The wave of Islamophobia that swept the West following the terrorist attacks on America in September 2001 were perhaps to be expected. Racism is always close to the surface in the West, and one of the characteristics of racism is that whatever wrong may be done by one member of a racialised group is held to be a general fault of all, while any good is seen as the act of an exceptional person, someone who ‘isn’t like the others.’ Before 9/11, racism against the peoples of the Middle East had been muted - they certainly weren’t white, with all the privilege that entails, and the stereotypes were many and varied, but they had not been actively criminalised, the way black people in North America had. 9/11 changed all that. Suddenly, the image of the Muslim from the Middle East became that of a fanatical terrorist, bent on committing violence against all white nations and their citizens.

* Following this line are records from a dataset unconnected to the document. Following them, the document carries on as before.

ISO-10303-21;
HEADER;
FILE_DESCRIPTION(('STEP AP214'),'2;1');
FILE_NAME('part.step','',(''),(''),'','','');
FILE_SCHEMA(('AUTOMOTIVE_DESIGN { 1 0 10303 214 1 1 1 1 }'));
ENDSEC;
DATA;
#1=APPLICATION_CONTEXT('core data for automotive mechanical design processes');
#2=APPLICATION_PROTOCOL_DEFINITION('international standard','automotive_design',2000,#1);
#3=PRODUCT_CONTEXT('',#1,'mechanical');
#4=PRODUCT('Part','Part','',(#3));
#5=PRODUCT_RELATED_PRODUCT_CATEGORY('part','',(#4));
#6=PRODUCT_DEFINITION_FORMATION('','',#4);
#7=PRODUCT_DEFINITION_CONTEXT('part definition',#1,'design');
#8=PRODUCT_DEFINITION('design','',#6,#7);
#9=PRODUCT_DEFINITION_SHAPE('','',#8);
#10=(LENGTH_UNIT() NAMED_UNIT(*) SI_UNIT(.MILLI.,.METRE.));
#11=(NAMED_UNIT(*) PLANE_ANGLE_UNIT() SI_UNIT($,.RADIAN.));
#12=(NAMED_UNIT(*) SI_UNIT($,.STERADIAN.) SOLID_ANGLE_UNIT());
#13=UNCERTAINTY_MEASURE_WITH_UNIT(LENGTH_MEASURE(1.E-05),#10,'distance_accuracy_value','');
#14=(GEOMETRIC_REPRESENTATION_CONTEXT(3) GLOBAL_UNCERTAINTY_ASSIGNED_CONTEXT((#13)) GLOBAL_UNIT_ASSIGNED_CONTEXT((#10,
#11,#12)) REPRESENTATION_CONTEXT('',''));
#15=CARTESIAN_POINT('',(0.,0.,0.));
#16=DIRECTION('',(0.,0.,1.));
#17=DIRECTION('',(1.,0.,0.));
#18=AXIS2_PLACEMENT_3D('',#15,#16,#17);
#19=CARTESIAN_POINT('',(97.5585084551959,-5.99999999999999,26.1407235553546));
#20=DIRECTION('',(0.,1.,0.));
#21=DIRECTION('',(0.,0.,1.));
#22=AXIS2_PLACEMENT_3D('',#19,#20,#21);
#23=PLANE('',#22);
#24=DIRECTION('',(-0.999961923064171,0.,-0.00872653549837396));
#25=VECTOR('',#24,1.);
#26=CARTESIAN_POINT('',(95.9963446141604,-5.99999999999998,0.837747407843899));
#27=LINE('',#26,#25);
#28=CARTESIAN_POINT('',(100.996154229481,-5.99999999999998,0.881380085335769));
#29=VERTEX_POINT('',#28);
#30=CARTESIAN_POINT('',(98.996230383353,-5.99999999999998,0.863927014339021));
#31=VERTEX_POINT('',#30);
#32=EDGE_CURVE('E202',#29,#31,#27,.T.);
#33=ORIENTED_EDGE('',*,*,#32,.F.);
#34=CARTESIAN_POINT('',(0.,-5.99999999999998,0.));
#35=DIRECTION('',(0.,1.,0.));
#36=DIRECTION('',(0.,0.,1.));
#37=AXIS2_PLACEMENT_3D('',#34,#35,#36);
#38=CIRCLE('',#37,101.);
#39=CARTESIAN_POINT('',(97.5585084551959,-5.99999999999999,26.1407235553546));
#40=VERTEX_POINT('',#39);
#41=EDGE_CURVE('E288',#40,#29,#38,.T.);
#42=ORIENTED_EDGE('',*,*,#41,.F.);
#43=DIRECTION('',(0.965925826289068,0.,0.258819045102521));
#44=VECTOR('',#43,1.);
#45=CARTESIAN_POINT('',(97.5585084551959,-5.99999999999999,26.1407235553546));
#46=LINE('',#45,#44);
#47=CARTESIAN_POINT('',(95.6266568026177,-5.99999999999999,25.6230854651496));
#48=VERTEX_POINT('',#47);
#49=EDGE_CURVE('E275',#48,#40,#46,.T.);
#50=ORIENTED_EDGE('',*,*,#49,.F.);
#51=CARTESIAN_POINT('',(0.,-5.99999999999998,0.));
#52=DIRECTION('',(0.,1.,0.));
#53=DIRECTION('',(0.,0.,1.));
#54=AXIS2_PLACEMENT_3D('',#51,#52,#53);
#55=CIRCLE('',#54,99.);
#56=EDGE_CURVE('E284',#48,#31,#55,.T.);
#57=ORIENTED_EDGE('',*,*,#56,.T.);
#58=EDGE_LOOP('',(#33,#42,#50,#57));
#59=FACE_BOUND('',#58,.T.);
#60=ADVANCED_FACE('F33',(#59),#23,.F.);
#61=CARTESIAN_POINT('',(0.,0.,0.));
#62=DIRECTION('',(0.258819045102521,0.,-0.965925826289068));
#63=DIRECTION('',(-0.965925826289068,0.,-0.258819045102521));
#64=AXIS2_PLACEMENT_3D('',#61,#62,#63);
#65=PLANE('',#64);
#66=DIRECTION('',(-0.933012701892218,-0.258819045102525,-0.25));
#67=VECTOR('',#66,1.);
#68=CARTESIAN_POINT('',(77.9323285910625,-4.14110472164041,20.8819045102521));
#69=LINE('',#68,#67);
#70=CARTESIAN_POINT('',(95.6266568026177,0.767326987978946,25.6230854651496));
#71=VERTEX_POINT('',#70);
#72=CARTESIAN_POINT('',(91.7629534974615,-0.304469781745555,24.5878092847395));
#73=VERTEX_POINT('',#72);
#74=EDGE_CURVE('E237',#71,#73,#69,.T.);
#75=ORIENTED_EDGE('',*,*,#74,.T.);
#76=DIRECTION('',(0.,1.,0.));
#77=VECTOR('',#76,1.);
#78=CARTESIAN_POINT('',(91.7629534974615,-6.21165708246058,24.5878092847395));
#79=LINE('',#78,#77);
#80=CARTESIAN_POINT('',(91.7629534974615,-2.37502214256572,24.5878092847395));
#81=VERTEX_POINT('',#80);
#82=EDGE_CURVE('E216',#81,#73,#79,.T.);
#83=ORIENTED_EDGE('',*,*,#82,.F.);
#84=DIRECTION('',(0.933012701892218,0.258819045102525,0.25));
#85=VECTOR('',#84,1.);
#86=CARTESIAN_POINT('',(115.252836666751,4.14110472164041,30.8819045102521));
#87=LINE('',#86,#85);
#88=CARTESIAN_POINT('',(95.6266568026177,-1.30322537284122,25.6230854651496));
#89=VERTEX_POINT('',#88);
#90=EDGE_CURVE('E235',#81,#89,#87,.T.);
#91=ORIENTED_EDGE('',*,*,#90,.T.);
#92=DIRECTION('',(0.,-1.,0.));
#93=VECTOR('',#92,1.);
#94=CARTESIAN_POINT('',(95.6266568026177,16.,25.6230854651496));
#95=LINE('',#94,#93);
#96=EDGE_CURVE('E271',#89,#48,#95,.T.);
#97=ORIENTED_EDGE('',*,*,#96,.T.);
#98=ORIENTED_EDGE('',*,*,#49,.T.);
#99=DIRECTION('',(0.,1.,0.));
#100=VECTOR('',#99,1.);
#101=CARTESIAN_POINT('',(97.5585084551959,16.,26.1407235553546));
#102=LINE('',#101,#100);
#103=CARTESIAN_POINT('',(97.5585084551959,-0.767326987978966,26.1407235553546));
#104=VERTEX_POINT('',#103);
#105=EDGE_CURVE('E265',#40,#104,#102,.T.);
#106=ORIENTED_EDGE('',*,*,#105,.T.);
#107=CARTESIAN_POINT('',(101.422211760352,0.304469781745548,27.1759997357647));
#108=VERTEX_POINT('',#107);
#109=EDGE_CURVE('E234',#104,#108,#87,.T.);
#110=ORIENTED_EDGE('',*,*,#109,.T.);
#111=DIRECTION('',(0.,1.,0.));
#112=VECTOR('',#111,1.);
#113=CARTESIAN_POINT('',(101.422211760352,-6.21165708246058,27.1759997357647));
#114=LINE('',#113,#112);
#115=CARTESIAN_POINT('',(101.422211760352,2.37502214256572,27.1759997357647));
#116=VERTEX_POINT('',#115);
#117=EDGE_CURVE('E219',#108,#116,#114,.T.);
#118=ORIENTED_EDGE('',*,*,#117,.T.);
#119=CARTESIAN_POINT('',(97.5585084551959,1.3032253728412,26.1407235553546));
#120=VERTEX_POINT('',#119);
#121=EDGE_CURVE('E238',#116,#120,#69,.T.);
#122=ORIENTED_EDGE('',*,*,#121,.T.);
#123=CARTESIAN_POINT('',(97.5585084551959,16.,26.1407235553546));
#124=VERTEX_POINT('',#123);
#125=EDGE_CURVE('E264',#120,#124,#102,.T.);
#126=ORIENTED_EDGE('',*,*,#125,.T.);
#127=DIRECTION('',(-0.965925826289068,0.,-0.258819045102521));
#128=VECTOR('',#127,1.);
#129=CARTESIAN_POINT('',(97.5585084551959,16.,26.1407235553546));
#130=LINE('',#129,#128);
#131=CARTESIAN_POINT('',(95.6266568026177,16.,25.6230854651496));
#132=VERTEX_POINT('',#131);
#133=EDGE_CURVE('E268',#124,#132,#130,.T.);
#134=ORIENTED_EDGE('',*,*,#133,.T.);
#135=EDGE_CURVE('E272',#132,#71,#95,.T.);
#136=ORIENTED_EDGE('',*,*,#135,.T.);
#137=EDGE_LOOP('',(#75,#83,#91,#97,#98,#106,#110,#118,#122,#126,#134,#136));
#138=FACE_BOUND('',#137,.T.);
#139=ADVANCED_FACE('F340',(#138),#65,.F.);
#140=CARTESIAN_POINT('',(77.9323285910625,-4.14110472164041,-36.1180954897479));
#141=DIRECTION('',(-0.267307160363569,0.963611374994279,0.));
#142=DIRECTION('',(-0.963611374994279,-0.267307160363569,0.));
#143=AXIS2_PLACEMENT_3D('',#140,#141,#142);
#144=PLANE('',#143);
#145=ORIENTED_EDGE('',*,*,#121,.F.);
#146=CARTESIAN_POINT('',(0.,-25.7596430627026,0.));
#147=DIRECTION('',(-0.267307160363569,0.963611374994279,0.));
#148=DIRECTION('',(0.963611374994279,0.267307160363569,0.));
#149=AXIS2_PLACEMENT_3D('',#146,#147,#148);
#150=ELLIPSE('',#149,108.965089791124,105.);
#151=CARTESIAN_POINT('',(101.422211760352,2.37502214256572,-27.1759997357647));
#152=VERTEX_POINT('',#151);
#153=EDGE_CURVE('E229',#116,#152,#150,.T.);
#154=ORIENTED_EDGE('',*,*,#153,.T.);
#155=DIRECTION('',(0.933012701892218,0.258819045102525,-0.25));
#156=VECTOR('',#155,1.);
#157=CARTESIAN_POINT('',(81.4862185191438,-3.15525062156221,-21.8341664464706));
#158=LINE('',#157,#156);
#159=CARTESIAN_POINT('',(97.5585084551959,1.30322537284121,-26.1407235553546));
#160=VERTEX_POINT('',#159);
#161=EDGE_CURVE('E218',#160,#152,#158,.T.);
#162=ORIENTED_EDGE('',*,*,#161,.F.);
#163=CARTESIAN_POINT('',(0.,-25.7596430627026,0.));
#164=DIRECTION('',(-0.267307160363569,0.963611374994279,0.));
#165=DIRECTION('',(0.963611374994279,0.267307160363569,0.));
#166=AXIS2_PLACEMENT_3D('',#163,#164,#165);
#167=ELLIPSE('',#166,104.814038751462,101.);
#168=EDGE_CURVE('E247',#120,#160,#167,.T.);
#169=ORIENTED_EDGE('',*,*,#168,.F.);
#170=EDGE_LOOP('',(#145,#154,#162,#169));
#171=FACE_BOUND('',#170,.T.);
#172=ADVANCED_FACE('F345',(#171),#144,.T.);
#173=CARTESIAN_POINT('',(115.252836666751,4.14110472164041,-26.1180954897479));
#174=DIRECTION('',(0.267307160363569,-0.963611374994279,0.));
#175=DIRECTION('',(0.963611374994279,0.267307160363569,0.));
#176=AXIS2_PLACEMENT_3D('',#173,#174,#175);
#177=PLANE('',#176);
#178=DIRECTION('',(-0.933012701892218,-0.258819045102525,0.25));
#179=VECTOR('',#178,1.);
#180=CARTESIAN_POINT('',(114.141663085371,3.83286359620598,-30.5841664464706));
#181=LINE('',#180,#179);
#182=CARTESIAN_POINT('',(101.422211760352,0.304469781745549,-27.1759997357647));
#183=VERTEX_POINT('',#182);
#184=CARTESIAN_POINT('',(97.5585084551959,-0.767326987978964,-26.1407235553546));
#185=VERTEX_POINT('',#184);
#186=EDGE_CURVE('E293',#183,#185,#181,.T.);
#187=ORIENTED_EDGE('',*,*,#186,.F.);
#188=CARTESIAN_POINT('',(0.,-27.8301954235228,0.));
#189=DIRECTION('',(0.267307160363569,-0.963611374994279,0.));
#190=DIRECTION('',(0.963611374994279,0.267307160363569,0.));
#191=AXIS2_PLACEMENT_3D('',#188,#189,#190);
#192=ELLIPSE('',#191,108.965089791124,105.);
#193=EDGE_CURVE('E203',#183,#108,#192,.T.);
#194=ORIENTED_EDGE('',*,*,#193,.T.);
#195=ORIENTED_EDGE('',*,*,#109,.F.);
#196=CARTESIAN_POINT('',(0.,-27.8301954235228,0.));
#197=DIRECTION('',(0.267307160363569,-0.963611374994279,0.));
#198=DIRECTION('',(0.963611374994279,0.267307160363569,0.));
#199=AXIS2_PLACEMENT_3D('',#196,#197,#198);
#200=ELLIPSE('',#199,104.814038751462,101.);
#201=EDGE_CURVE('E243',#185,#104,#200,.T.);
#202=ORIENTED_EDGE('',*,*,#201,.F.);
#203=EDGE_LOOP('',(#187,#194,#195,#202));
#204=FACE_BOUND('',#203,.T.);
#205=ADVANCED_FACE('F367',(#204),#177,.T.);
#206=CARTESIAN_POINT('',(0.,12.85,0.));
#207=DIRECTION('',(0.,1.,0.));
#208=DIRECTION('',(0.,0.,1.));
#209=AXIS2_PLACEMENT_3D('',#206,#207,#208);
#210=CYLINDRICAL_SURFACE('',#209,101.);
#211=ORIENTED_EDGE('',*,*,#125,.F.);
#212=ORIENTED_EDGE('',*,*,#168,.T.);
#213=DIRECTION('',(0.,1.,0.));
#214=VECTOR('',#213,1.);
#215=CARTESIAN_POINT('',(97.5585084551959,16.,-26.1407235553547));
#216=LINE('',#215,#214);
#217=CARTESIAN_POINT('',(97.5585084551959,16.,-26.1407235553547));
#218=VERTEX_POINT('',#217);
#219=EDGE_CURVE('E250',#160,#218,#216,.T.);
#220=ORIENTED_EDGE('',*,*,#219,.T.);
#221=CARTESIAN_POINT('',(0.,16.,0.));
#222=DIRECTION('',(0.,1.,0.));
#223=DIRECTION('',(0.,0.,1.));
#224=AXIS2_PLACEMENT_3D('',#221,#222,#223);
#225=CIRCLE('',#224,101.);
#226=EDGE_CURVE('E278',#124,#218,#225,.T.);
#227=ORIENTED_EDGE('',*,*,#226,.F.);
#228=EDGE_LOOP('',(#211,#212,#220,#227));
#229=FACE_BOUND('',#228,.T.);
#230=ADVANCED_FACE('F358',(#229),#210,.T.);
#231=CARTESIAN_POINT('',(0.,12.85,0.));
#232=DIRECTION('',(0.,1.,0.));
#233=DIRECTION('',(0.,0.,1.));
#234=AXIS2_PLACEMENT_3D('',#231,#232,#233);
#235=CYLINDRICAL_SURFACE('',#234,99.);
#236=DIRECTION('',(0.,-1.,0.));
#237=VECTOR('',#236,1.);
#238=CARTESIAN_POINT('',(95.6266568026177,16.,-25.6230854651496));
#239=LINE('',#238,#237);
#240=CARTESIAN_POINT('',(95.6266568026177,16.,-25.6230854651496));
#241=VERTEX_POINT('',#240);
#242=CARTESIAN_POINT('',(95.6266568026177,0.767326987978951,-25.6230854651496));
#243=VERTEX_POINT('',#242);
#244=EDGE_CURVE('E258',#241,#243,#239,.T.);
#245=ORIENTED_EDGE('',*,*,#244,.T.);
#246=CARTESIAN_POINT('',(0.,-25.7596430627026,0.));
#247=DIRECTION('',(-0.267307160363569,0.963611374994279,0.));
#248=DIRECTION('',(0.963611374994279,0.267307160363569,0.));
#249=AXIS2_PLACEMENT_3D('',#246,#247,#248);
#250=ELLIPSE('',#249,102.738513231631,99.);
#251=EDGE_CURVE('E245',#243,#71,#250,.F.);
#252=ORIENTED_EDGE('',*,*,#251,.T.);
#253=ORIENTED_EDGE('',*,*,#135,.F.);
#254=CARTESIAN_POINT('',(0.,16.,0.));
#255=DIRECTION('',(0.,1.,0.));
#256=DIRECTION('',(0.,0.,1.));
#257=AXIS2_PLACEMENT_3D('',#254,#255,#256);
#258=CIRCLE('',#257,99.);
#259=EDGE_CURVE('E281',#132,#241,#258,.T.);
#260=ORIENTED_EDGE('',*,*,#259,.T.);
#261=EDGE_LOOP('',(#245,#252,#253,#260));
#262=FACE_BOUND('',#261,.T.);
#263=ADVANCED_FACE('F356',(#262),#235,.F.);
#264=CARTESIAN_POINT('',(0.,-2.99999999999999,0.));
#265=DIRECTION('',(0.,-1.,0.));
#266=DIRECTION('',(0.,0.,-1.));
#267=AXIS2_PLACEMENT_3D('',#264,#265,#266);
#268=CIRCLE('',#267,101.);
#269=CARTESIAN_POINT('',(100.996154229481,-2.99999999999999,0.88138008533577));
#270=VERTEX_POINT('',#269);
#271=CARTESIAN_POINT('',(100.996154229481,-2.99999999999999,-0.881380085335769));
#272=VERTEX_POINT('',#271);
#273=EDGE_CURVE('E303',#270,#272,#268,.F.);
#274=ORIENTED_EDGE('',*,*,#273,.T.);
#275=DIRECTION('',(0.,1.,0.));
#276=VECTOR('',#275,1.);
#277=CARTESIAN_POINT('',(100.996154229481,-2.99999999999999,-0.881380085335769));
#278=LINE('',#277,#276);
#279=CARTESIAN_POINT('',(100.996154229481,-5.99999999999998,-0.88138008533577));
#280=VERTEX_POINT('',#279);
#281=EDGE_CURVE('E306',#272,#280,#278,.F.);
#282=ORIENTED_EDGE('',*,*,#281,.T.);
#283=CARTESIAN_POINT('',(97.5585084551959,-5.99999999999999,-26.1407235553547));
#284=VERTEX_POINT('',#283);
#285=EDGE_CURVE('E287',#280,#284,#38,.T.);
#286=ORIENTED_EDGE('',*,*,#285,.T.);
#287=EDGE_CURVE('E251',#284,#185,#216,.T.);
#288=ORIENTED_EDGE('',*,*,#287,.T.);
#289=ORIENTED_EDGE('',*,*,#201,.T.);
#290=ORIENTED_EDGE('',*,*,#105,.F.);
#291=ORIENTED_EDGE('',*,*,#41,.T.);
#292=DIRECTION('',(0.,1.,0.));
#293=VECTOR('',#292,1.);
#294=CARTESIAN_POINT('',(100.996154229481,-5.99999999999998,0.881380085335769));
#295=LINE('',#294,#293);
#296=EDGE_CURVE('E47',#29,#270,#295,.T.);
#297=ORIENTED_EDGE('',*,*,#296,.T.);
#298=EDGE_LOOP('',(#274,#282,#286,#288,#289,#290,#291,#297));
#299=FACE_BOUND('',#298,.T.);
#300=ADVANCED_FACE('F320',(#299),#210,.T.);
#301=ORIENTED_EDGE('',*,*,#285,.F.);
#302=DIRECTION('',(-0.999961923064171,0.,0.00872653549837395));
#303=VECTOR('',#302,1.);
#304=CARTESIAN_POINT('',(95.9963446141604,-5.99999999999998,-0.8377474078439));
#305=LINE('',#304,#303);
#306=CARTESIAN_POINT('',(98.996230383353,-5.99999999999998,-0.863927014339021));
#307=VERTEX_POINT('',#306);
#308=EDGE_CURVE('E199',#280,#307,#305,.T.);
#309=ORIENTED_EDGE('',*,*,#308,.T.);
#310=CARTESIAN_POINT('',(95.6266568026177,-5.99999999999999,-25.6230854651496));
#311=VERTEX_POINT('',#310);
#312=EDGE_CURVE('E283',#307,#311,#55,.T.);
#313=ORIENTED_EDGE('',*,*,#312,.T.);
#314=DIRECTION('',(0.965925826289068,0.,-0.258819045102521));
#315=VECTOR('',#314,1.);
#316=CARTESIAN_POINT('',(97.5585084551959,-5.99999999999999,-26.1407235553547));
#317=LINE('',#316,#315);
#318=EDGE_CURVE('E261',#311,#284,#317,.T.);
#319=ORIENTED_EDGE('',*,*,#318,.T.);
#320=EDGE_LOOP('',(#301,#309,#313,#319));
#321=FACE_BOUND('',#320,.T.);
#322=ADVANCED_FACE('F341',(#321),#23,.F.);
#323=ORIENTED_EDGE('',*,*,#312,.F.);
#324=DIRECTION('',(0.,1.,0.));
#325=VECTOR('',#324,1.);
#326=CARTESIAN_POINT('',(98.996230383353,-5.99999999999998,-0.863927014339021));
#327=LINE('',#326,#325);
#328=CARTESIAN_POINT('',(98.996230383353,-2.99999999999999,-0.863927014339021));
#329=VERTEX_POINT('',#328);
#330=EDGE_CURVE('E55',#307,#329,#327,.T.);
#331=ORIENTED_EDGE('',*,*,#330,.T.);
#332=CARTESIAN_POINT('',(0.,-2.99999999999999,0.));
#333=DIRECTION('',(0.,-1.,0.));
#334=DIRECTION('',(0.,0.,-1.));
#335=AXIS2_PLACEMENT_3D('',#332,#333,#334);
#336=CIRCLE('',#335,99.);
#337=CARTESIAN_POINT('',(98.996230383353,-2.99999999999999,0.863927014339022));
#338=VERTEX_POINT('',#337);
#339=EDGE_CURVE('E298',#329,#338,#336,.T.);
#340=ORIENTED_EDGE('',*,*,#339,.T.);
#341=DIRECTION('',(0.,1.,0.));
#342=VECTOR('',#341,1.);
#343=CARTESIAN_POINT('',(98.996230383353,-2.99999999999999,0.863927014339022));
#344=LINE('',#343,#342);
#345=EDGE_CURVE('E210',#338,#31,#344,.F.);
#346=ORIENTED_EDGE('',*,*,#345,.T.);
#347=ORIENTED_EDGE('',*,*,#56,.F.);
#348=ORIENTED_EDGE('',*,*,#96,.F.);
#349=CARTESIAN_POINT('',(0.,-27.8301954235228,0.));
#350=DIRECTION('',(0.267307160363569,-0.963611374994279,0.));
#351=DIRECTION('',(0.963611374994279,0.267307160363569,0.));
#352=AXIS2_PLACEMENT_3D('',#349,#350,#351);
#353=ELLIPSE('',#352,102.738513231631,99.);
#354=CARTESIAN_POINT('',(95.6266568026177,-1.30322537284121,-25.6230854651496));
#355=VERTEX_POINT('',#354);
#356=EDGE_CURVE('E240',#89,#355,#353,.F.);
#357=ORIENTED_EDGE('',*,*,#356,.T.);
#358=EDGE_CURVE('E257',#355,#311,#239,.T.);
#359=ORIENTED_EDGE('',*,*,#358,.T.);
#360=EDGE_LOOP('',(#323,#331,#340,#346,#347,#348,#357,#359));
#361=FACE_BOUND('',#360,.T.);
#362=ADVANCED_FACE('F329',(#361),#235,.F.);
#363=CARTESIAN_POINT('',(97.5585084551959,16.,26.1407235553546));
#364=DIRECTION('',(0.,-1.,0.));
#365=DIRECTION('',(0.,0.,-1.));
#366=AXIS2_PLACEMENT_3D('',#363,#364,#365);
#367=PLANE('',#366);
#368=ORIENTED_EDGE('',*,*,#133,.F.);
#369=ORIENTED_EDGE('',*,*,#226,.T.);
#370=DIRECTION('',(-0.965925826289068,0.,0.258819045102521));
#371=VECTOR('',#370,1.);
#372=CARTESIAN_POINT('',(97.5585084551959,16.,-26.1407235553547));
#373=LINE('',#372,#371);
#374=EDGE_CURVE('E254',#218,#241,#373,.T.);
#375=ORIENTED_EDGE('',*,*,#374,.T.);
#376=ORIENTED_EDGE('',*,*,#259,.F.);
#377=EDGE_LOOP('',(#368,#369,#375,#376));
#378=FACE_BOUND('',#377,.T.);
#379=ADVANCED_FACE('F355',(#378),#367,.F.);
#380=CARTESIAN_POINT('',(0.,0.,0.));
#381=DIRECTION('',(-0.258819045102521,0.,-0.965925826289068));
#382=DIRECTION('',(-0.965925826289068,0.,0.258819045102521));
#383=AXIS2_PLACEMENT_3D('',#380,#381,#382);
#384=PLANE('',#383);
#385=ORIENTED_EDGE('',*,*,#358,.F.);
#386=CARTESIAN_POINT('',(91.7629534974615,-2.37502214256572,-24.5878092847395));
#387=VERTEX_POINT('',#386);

Al-Khatahtbeh was only a child when this change happened around her. With the exception of a brief period when her father attempted to move the family to a place of greater safety, returning to the US after a health crisis which nearly killed her mother, Al-Khatahtbeh grew up in a hostile environment where her sense of her self as a Muslim, as a child of immigrants and refugees, sometimes her very right to exist was challenged.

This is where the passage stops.